Dissociation energy of two particles-variables only equation-mastering physics

[Same-same]

Homework Statement

The potential energy of two atoms in a diatomic molecule is approximated by U(r)= ar$^{-12}$ - βr$^{-6}$, where is the spacing between atoms and α and β are positive constants.
From earlier parts of the equation, it has been that determined that force between two atoms as a function of r is
F(r)= 12ar$^{-13}$ - 6βr$^{-7}$.
and that the equilibrium distance between them r$_{min}$ is
$\sqrt[6]{2α/β}$

Part a: Is the equilibrium stable? (My note: a stable equilibrium is a local minimum in a potential energy function.
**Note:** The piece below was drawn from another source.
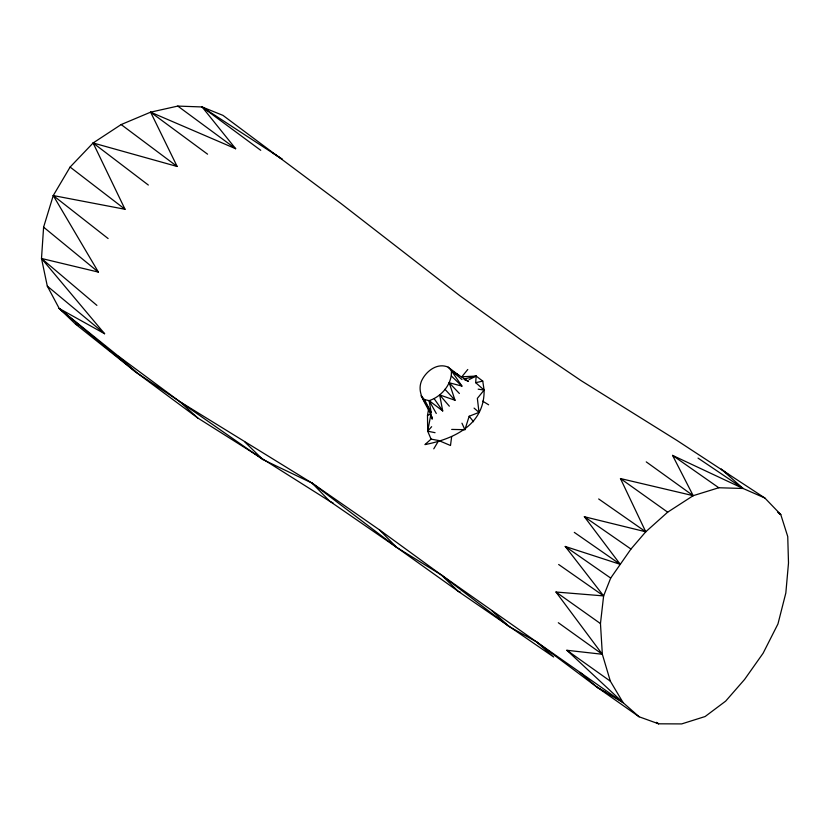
<?xml version="1.0" encoding="UTF-8"?>
<svg xmlns="http://www.w3.org/2000/svg" width="830" height="830" viewBox="0 0 830 830"><rect width="100%" height="100%" fill="white"/><g stroke="black" fill="none" stroke-linecap="round" stroke-linejoin="round"><path stroke-width="1.25" d="M59.221 308.49L118.576 356.278L179.851 401.647L262.892 459.561L312.163 483.153L396.657 547.375L441.311 574.92L509.07 626.515L536.668 641.964L553.652 656.987L458.305 591.385L396.657 547.375L329.666 501.196L197.799 418.009L135.871 372.131L59.221 308.49L104.601 333.733L41.5 258.472L43.606 227.161L53.255 195.558L70.114 167.069L93.105 142.978L121.159 124.562L150.614 112.164L177.776 106.084L202.095 106.956L222.969 115.38L341.203 203.682L460.028 295.833L522.122 340.611L581.062 380.617L676.99 440.46L764.835 497.99L780.781 514.579L787.743 536.564L788.5 563.02L785.834 592.994L777.959 623.932L763.112 653.231L744.583 679.448L725.679 701.122L705.127 716.529L681.679 723.916L658.595 723.812L639.11 716.778L596.749 686.991L536.668 641.964L441.311 574.92L379.476 529.872L312.163 483.153L179.851 401.647L135.871 372.131L75.52 324.084L59.221 308.49L47.3 286.101L41.5 258.472L98.397 272.105L53.255 195.558L125.029 209.285L93.105 142.978L177.153 166.477L150.614 112.164L235.658 148.726L202.095 106.956L282.127 159.153L272.448 152.71M451.655 436.663L450.493 445.502L438.728 440.523L431.081 439.122L424.939 444.6C454.28 438.863 484.668 424.618 484.108 390.079L475.694 382.682L476.14 376.063L461.822 376.789L467.778 369.495M639.11 716.778L623.091 702.626L610.361 681.202L602.341 654.268L600.464 623.579L603.617 595.909L610.693 578.074L630.956 549.045L645.75 531.791L667.673 512.172L693.195 495.676L718.78 487.75L743.109 488.486L764.835 497.99M431.081 439.122L427.678 431.195L427.492 415.477L428.737 408.339M435.055 432.689L427.678 431.195L431.009 413.9L427.492 415.477M451.676 429.421L464.914 429.691L469.178 416.245L479.014 412.396L477.354 398.369L484.108 390.079L482.749 381.105L476.14 376.063L463.866 379.092M464.8 379.943L468.452 381.271L451.375 370.637L461.926 386.085L449.206 382.765L455.037 400.268L439.672 394.924L442.712 410.943L429.12 400.631L431.195 412.666L421.111 395.702L424.441 399.562L429.12 400.631C441.404 396.813 452.371 383.875 451.375 370.637L448.159 367.151C437.088 362.337 425.655 371.467 421.35 381.364C416.017 395.412 429.11 406.285 432.191 419.15L431.942 416.598M433.768 448.823L438.728 440.523M427.678 431.195L431.642 426.682M469.126 379.601L476.14 376.063M475.694 382.682L482.749 381.105M536.668 641.964L580.16 672.445L596.749 686.991L623.091 702.626L566.869 650.274L602.341 654.268L555.965 592.018L603.617 595.909L565.251 546.462L620.269 564.348L584.362 516.727L645.75 531.791L620.456 478.547L693.195 495.676L672.559 455.39L743.109 488.486L721.229 469.085L728.418 474.573M478.184 389.177L484.108 390.079M75.52 324.084L78.943 325.485M460.588 592.33L458.305 591.385L441.311 574.92M333.079 503.011L329.666 501.196L312.163 483.153M596.749 686.991L600.059 688.962M602.269 690.28L605.589 692.251M656.385 722.505L658.595 723.812L656.499 722.339M455.722 373.417L458.886 375.336L448.159 367.151M482.697 401.17L488.631 404.791M778.623 513.148L780.781 514.579L777.7 512.224M698.02 458.098L743.109 488.486M584.362 516.727L630.956 549.045M574.298 532.383L620.269 564.348M565.251 546.462L610.693 578.074M598.669 498.955L645.75 531.791M558.663 564.493L603.617 595.909M672.559 455.39L718.78 487.75M580.16 672.445L623.091 702.626M555.965 592.018L600.464 623.579M620.456 478.547L667.673 512.172M566.869 650.274L610.361 681.202M558.32 622.718L602.341 654.268M646.248 461.885L693.195 495.676M177.776 106.084L235.658 148.726M202.095 106.956L260.734 150.313M150.614 112.164L207.573 154.183M121.159 124.562L177.153 166.477M93.105 142.978L148.331 185.038M70.114 167.069L125.029 209.285M53.255 195.558L108.108 238.542M43.606 227.161L98.397 272.105M47.3 286.101L104.601 333.733M451.375 370.637L461.999 379.549M41.5 258.472L96.892 305.378M474.075 408.111L479.014 412.396M179.851 401.647L197.799 418.009M118.576 356.278L135.871 372.131L132.25 368.53M492.045 610.87L509.07 626.515M451.541 376.198L461.926 386.085M245.006 442.172L262.892 459.561M379.476 529.872L396.657 547.375M449.206 382.765L459.374 393.482M444.953 389.27L455.037 400.268M439.672 394.924L449.341 406.181M469.178 416.245L473.557 421.744M434.298 398.888L442.712 410.943M429.12 400.631L436.29 413.465M424.441 399.562L431.195 412.666M461.957 423.196L464.914 429.691"/></g></svg>

An unstable is a local maximum)

Part b:
Asssuming that the molecules are at said equlimbrium distance apart, find the energy required to bring the molecules an infiinite distance apart., and express this equation in terms of α and β

Homework Equations

W=∫ F dr= ΔU


3. The Attempt at a Solution
To part a:
Since potential energy is negatively related to displacement, and there are only two scenarios where Force could be 0 (at this distance or at infinity), I believe this equilibrium is unstable.

to part b:
∫$^{∞}_{equilibrium}$ (12ar$^{-13}$ - 6βr$^{-7}$) dx
which appears to be negative infinity, which I'm fairly certain is wrong.

Part b is what's really giving me problems. I'm not sure exactly what I'm looking for; I've honestly never dealt with dissociation before. I considered integrating the potential energy function from 0 to infinity, but that would give me the wrong units. Perhaps I'm looking for an energy equal to the maximum potential energy possible with the function?


Any help would be greatly appreciated
Thanks in advance!

 

[DukeLuke]

Part a: You might want to look up what a local maximum or minimum of a function is, and how to tell one from the other (hint: telling a maximum from a minimum has to do with the sign of the 2nd derivative at the max/min).

Part b: I don't think you are evaluating your limits correctly. Infinity to a negative power puts it in the denominator. If you divide a number by infinity what do you get?

 

[Same-same]

"Part b: I don't think you are evaluating your limits correctly. Infinity to a negative power puts it in the denominator. If you divide a number by infinity what do you get? "

My thought process (which may very well be wrong) was as follows "At infinity the function should be zero, but the area under the curve to get there appears to be infinite."

 

[DukeLuke]

You are right about the function approaching zero as it heads out to +- infinity, but that doesn't mean the area under the curve is infinite (unless you integrate over zero in the case of your function). Maybe if you plot it this will be easier to see.

 

[rwisz]

Your solution to part a is correct. The equilibrium in this scenario is unstable because it is a local maximum in the potential energy function.

For part b, you are on the right track. The energy required to bring the molecules an infinite distance apart is equal to the maximum potential energy of the system. This can be found by setting the potential energy function equal to 0 and solving for r. This will give you the distance at which the potential energy is at its maximum. Then, you can plug this value of r into the potential energy function to find the maximum potential energy in terms of α and β.

Another approach to solving part b would be to use the equation you provided in the homework statement, W = ∫ F dr = ΔU. This equation states that the work done by a force is equal to the change in potential energy. In this case, the force is given by F(r) = 12ar^-13 - 6βr^-7 and the potential energy is given by U(r) = ar^-12 - βr^-6. Integrating the force function from the equilibrium distance to infinity will give you the energy required to bring the molecules an infinite distance apart. You can then plug in the equilibrium distance and solve for the energy in terms of α and β.